At the Board of Mayor and Aldermen’s meeting on July 1, Ward 12 Alderman Keith Hirschmann questioned how such a business was able to function for years, and he noted that the establishment also had poker machines.
The shop remains in business. A sign in the window on Tuesday advertised a slice of pizza for $1.50. A man who identified himself as a manager answered the phone and insisted that there were “no drugs here.” He declined to give his name or answer additional questions before saying “Thank you, buddy” and hanging up.
A license for a gaming machine costs $2,000 a year. According to City Clerk Matt Normand, video poker machine licenses generated about $240,000 in revenue for the city in the 2014 fiscal year.

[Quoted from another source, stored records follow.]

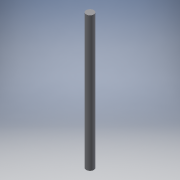
# Autodesk Inventor part: GuiaLinear_12x200mm
Saved by Autodesk Inventor 2018 (Build 220112000, 112)
## iProperties
Created: 2018-07-23
Part Number: GuiaLinear_12x200mm
Material: Genérico
Document SubType Name: Modeling
Designer: Usuario
Density: 1 g/cm^3
Appearance: Padrão
Mass: 22.6195 g
Surface Area: 77.6602 cm^2
Volume: 22.6195 cm^3
Author: Usuario
Autodesk Inventor part; units mm, degrees
ref_plane "YZ Plane" through (0, 0, 0) normal (1, 0, 0) x (0, 1, 0)
ref_plane "XZ Plane" through (0, 0, 0) normal (0, 1, 0) x (-1, 0, 0)
ref_plane "XY Plane" through (0, 0, 0) normal (0, 0, 1) x (1, 0, 0)
sketch "Esboço1" plane through (0, 0, 0) normal (0, 0, 1) x (1, 0, 0)
  circle A0 centre (0, 0) radius 6
  dimension "d0" = 12
  constraints: 1 centre point, 1 coincident
  measures "d0" diameter of A0
extrude "Extrusão1" add sketch "Esboço1" along normal blind 210
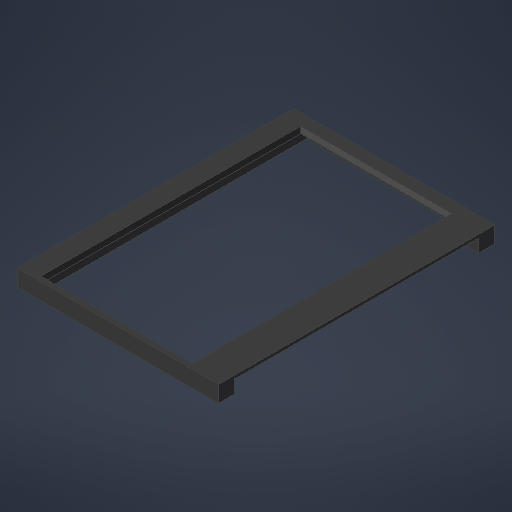
# Autodesk Inventor part: PlantillaPantalla
Saved by Autodesk Inventor 2026.1 (Build 301233020, 233B)
## iProperties
Created: 2025-11-01
Part Number: PlantillaPantalla
Material: Generic
Document SubType Name: Modeling
Designer: Tito Luyo Murata
Density: 1 g/cm^3
Appearance: Default
Author: Tito Luyo Murata
Autodesk Inventor part; units mm, degrees
ref_plane "YZ Plane" through (0, 0, 0) normal (1, 0, 0) x (0, 1, 0)
ref_plane "XZ Plane" through (0, 0, 0) normal (0, 1, 0) x (-1, 0, 0)
ref_plane "XY Plane" through (0, 0, 0) normal (0, 0, 1) x (1, 0, 0)
sketch "Sketch1" plane through (0, 0, 0) normal (0, 1, 0) x (-1, 0, 0)
  line L0 (0, 0) -> (100.5, 0)
  line L1 (100.5, 0) -> (100.5, -165.5)
  line L2 (100.5, -165.5) -> (0, -165.5)
  line L3 (0, -165.5) -> (0, 0)
  line L4 (110.5, 2) -> (-13, 2)
  line L5 (-13, 2) -> (-13, -167.5)
  line L6 (-13, -167.5) -> (110.5, -167.5)
  line L7 (110.5, -167.5) -> (110.5, 2)
  line L8 (110.5, -157.5) -> (102.5, -157.5)
  line L9 (102.5, -157.5) -> (102.5, -8)
  line L10 (102.5, -8) -> (110.5, -8)
  line L11 (110.5, -8) -> (110.5, -157.5)
  line L12 (-13, -157.5) -> (-2, -157.5)
  line L13 (-2, -157.5) -> (-2, -8)
  line L14 (-2, -8) -> (-13, -8)
  line L15 (-13, -8) -> (-13, -157.5)
  point P0 (110.5, -8)
  point P1 (-13, -8)
  dimension "d0" = 100.5
  dimension "d1" = 165.5
  dimension "d2" = 2
  dimension "d3" = 13
  dimension "d4" = 10
  dimension "d5" = 2
  dimension "d33" = 8
  dimension "d34" = 8
  dimension "d35" = 8
  dimension "d36" = 8
  dimension "d37" = 2
  dimension "d38" = 2
  constraints: 32 end point, 8 parallel, 4 horizontal, 4 perpendicular, 2 point on line
  measures "d0" distance of L1.end L2.end
  measures "d1" distance of L0.end L1.end
  measures "d2" distance between parallel lines of L0 L4
  measures "d3" distance between parallel lines of L5 L3
  measures "d4" distance between parallel lines of L7 L1
  measures "d5" distance between parallel lines of L6 L2
  measures "d33" distance between parallel lines of L12 L2
  measures "d34" distance between parallel lines of L8 L2
  measures "d35" distance between parallel lines of L14 L0
  measures "d36" distance between parallel lines of L0 L10
  measures "d37" distance between parallel lines of L13 L3
  measures "d38" distance between parallel lines of L1 L9
extrude "Extrusion1" add sketch "Sketch1" against normal blind 8 contours L7 L10 L9 L8 L6 L5 L12 L13 L14 L4
sketch "Sketch2" plane through (0, 0, 0) normal (0, 1, 0) x (1, 0, 0)
  line L0 (-97, 3) -> (-8, 3)
  line L1 (-8, 3) -> (-8, 158.5)
  line L2 (-8, 158.5) -> (-97, 158.5)
  line L3 (-97, 158.5) -> (-97, 3)
  line L4 (-100.5, 0) -> (-100.5, 165.5) projected
  line L5 (-100.5, 165.5) -> (0, 165.5) projected
  line L6 (0, 165.5) -> (0, 0) projected
  line L7 (0, 0) -> (-100.5, 0) projected
  line L8 (13, -2) -> (-110.5, -2) projected
  line L9 (13, 167.5) -> (13, -2) projected
  line L10 (-110.5, -2) -> (13, -2)
  line L11 (13, -2) -> (13, 167.5)
  line L12 (13, 167.5) -> (-110.5, 167.5)
  line L13 (-110.5, 167.5) -> (-110.5, -2)
  dimension "d8" = 3.5
  dimension "d9" = 7
  dimension "d10" = 8
  dimension "d11" = 3
  constraints: 16 end point, 4 parallel, 2 horizontal, 2 perpendicular
  measures "d8" distance between parallel lines of L4 L3
  measures "d9" distance between parallel lines of L5 L2
  measures "d10" distance between parallel lines of L6 L1
  measures "d11" distance between parallel lines of L7 L0
extrude "Extrusion2" add sketch "Sketch2" along normal blind 2 contours L4 L5 L6 L7 | L8 L13 L12 L9
sketch "Sketch3" plane through (0, -8, 0) normal (0, -1, 0) x (1, 0, 0)
  circle A0 centre (-106, -161.5) radius 1.75
  line L0 (-100.5, -165.5) -> (-100.5, 0) projected
  line L1 (0, -165.5) -> (-100.5, -165.5) projected
  circle A1 centre (-106, -4) radius 1.75
  line L2 (-100.5, 0) -> (0, 0) projected
  circle A2 centre (9.5, -4) radius 1.75
  line L3 (0, 0) -> (0, -165.5) projected
  circle A3 centre (9.5, -161.5) radius 1.75
  dimension "d14" = 3.5
  dimension "d15" = 5.5
  dimension "d16" = 4
  dimension "d17" = 3.5
  dimension "d18" = 4
  dimension "d19" = 5.5
  dimension "d20" = 3.5
  dimension "d21" = 4
  dimension "d22" = 9.5
  dimension "d23" = 3.5
  dimension "d24" = 9.5
  dimension "d25" = 4
  constraints: 4 centre point
  measures "d14" diameter of A0
  measures "d15" distance from line of L0 A0.centre
  measures "d16" distance from line of L1 A0.centre
  measures "d17" diameter of A1
  measures "d18" distance from line of L2 A1.centre
  measures "d19" distance from line of L0 A1.centre
  measures "d20" diameter of A2
  measures "d21" distance from line of L2 A2.centre
  measures "d22" distance from line of L3 A2.centre
  measures "d23" diameter of A3
  measures "d24" distance from line of L3 A3.centre
  measures "d25" distance from line of L1 A3.centre
extrude "Extrusion3" cut sketch "Sketch3" against normal blind 7 contours A0 | A1 | A2 | A3
chamfer "Chamfer1" distance 2 angle 45 4 edges at (-97, 2, -80.75) (-52.5, 2, -3) (-52.5, 2, -158.5) (-8, 2, -80.75)
equation "\"d14\" = hueco_diam"
equation "\"d17\" = hueco_diam"
equation "\"d20\" = hueco_diam"
equation "\"d21\" = hueco_sep_lat"
equation "\"d23\" = hueco_diam"
equation "\"d25\" = hueco_sep_lat"
equation "\"hueco_sep_inf\" = 4.5"
equation "\"hueco_sep_lat\" = 4"
equation "\"tol1\" = 0.5"
equation "\"hueco_diam\" = 3.5"
body "Solid1"
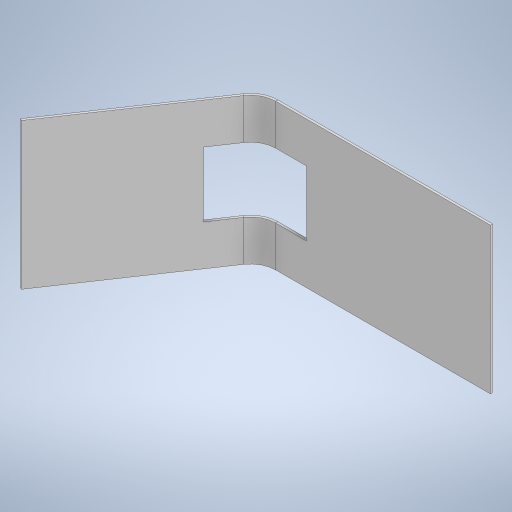
# Autodesk Inventor part: Ex 3
Saved by Autodesk Inventor 2023.2 (Build 272271000, 271)
## iProperties
Created: 2022-12-21
Part Number: Ex 3
Material: Generic
Document SubType Name: Sheet Metal
Designer: Felipe Coquito
Density: 1 g/cm^3
Sheet Metal Rule: Default_mm
Appearance: Default
Author: Felipe Coquito
Autodesk Inventor part; units mm, degrees
ref_plane "YZ Plane" through (0, 0, 0) normal (1, 0, 0) x (0, 1, 0)
ref_plane "XZ Plane" through (0, 0, 0) normal (0, 1, 0) x (-1, 0, 0)
ref_plane "XY Plane" through (0, 0, 0) normal (0, 0, 1) x (1, 0, 0)
sketch "Sketch1" plane through (0, 0, 0) normal (0, 0, 1) x (1, 0, 0)
  line L0 (-87.435, 31.905) -> (87.435, 31.905)
  line L1 (87.435, 31.905) -> (87.435, -31.905)
  line L2 (87.435, -31.905) -> (-87.435, -31.905)
  line L3 (-87.435, -31.905) -> (-87.435, 31.905)
  line L4 (-87.435, 31.905) -> (87.435, -31.905) construction
  line L5 (87.435, 31.905) -> (-87.435, -31.905) construction
  point P0 (0, 0)
  dimension "d0" = 174.87
  dimension "d1" = 63.81
  measures "d0" distance of L1.end L2.end
  measures "d1" distance of L0.end L1.end
extrude "Plate1" add sketch "Sketch1" along normal blind 1
sketch "Sketch2" plane through (0, 0, 1) normal (0, 0, 1) x (1, 0, 0)
  line L0 (-87.435, 31.905) -> (87.435, 31.905) projected
  line L1 (-11.865, 31.905) -> (-11.865, -31.905)
  line L2 (87.435, -31.905) -> (-87.435, -31.905) projected
  line L3 (-87.435, -31.905) -> (-87.435, 31.905) projected
  point P0 (0, 0)
  dimension "d3" = 75.57
  constraints: 2 end point, 2 point on line, 1 vertical
  measures "d3" distance between parallel lines of L1 L3
fold "Fold1" angle 56 bend radius 11 thickness 1 k factor 0.44 line from (-11.865, 31.905, 1) to (-11.865, -31.905, 1) line at bend centre moving side (-1, 0, 0) folds toward (0, 0, 1)
unfold all bends "Unfold1" k factor 0.44 fixed face at (56.1985, -10.635, 1)
sketch "Sketch3" plane through (-87.435, -31.905, 1) normal (0, 0, 1) x (1, 0, 0)
  line L0 (57.31, 46.05) -> (94.58, 46.05)
  line L1 (94.58, 46.05) -> (94.58, 17.76)
  line L2 (94.58, 17.76) -> (57.31, 17.76)
  line L3 (57.31, 17.76) -> (57.31, 46.05)
  line L4 (174.87, 63.81) -> (174.87, 0) projected
  point P0 (87.435, 31.905)
  dimension "d10" = 28.29
  dimension "d11" = 14.145
  dimension "d12" = 37.27
  dimension "d13" = 80.29
  constraints: 8 end point, 2 parallel, 1 horizontal, 1 perpendicular
  measures "d10" distance of L2.end L0.start
  measures "d11" vertical distance of L0.end point (87.435, 31.905)
  measures "d12" distance of L0.end L0.start
  measures "d13" distance from line of L4 L1.end
extrude "Cut1" cut sketch "Sketch3" against normal blind 1
refold all bends "Refold1"
equation "\"d2\" = Thickness"
equation "\"d4\" = BendReliefWidth"
equation "\"d5\" = BendReliefDepth"
equation "\"d6\" = MinimumRemnant"
equation "\"d7\" = TransitionRadius"
equation "\"d14\" = Thickness"
equation "\"BendRadius\" = Thickness"
equation "\"BendReliefWidth\" = Thickness"
equation "\"BendReliefDepth\" = 0.5 * Thickness"
equation "\"CornerReliefSize\" = 4 * Thickness"
equation "\"MinimumRemnant\" = 2 * Thickness"
equation "\"TransitionRadius\" = BendRadius"
equation "\"JacobiRadiusSize\" = BendRadius"
equation "\"GapSize\" = Thickness"
equation "\"Thickness\" = 1"
body "Solid1"
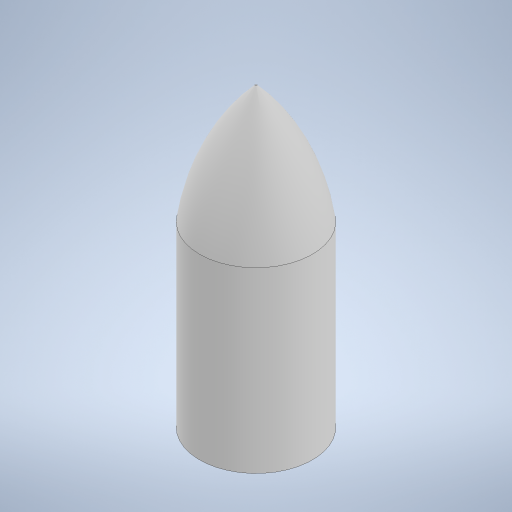
# Autodesk Inventor part: 물로켓탄두1
Saved by Autodesk Inventor 2023 (Build 270158000, 158)
## iProperties
Created: 2023-08-29
Part Number: 물로켓탄두1
Material: 일반
Document SubType Name: Modeling
Designer: rlatk
Density: 1 g/cm^3
Appearance: 기본값
Author: rlatk
Autodesk Inventor part; units mm, degrees
ref_plane "YZ Plane" through (0, 0, 0) normal (1, 0, 0) x (0, 1, 0)
ref_plane "XZ Plane" through (0, 0, 0) normal (0, 1, 0) x (-1, 0, 0)
ref_plane "XY Plane" through (0, 0, 0) normal (0, 0, 1) x (1, 0, 0)
sketch "스케치1" plane through (0, 0, 0) normal (0, 1, 0) x (-1, 0, 0)
  circle A0 centre (0, 0) radius 45.5
  circle A1 centre (0, 0) radius 47.5
  dimension "d0" = 91
  dimension "d1" = 2
  constraints: 2 centre point, 1 coincident
  measures "d0" diameter of A0
  measures "d1" radial gap between concentric circles of A0 A1
extrude "돌출1" add sketch "스케치1" along normal blind 150
sketch "스케치2" plane through (0, 0, 0) normal (1, 0, 0) x (0, 1, 0)
  line L0 (150, 45.5) -> (150, -45.5) projected
  line L1 (0, 45.5) -> (0, -45.5) projected
  line L2 (150, 45.5) -> (0, 45.5) projected
  line L3 (150, -45.5) -> (0, -45.5) projected
  arc A0 (246.756, 0.7428) -> (150, 45.5) centre (126.1059, -133.1163) ccw
  line L4 (150, -47.5) -> (150, 47.5) projected
  arc A1 (249.7064, 0.7347) -> (150, 47.5) centre (126.1059, -133.1163) ccw
  arc A2 (250.028, 0) -> (249.7064, 0.7347) centre (249.028, 0) ccw
  arc A3 (247.0865, 0) -> (246.756, 0.7428) centre (246.0865, 0) ccw
  line L5 (150, 47.5) -> (150, 45.5)
  line L6 (150, -45.5) -> (150, -47.5)
  line L7 (250.028, 0) -> (247.0865, 0)
  line L8 (-51.4681, 0) -> (308.8084, 0) projected
  line L9 (0, 47.5) -> (150, 47.5) projected
  line L10 (0, -47.5) -> (150, -47.5) projected
  line L11 (0, -47.5) -> (0, 47.5) projected
  point P0 (0, 0)
  point P1 (224.5184, 8.564)
  point P2 (257.3404, -6.7411)
  point P3 (225.3563, -10.3608)
  point P4 (224.5184, -8.564)
  point P5 (257.3404, 6.7411)
  dimension "d5" = 1
  constraints: 8 point on circle, 6 end point, 4 centre point, 2 tangent, 2 vertical, 1 equal radius, 3 other
  measures "d5" radius of A2
revolve "회전1" add sketch "스케치2" angle 360 about axis through (0, -10, 0) along (0, 1, 0) contours L4 A1 A2 L7 A3 A0

Mara and his deputy chief were present at the press conference announcing the drug sales arrests last month and stood next to a photo showing the bags of marijuana and weapons seized in the raids.
The shop has passed its health inspections the past three years, with only one critical violation, according to city Health Department records that were requested by Alderman-At-Large Joe Kelly Levasseur.
Mayor Ted Gatsas said the amount of money generated by the devices should to be taken into account.
Hirschmann replied, “We’re not going to have money collected through crime.”
The board voted to send the matter to the Administration Committee, which is expected to hold its next meeting in August.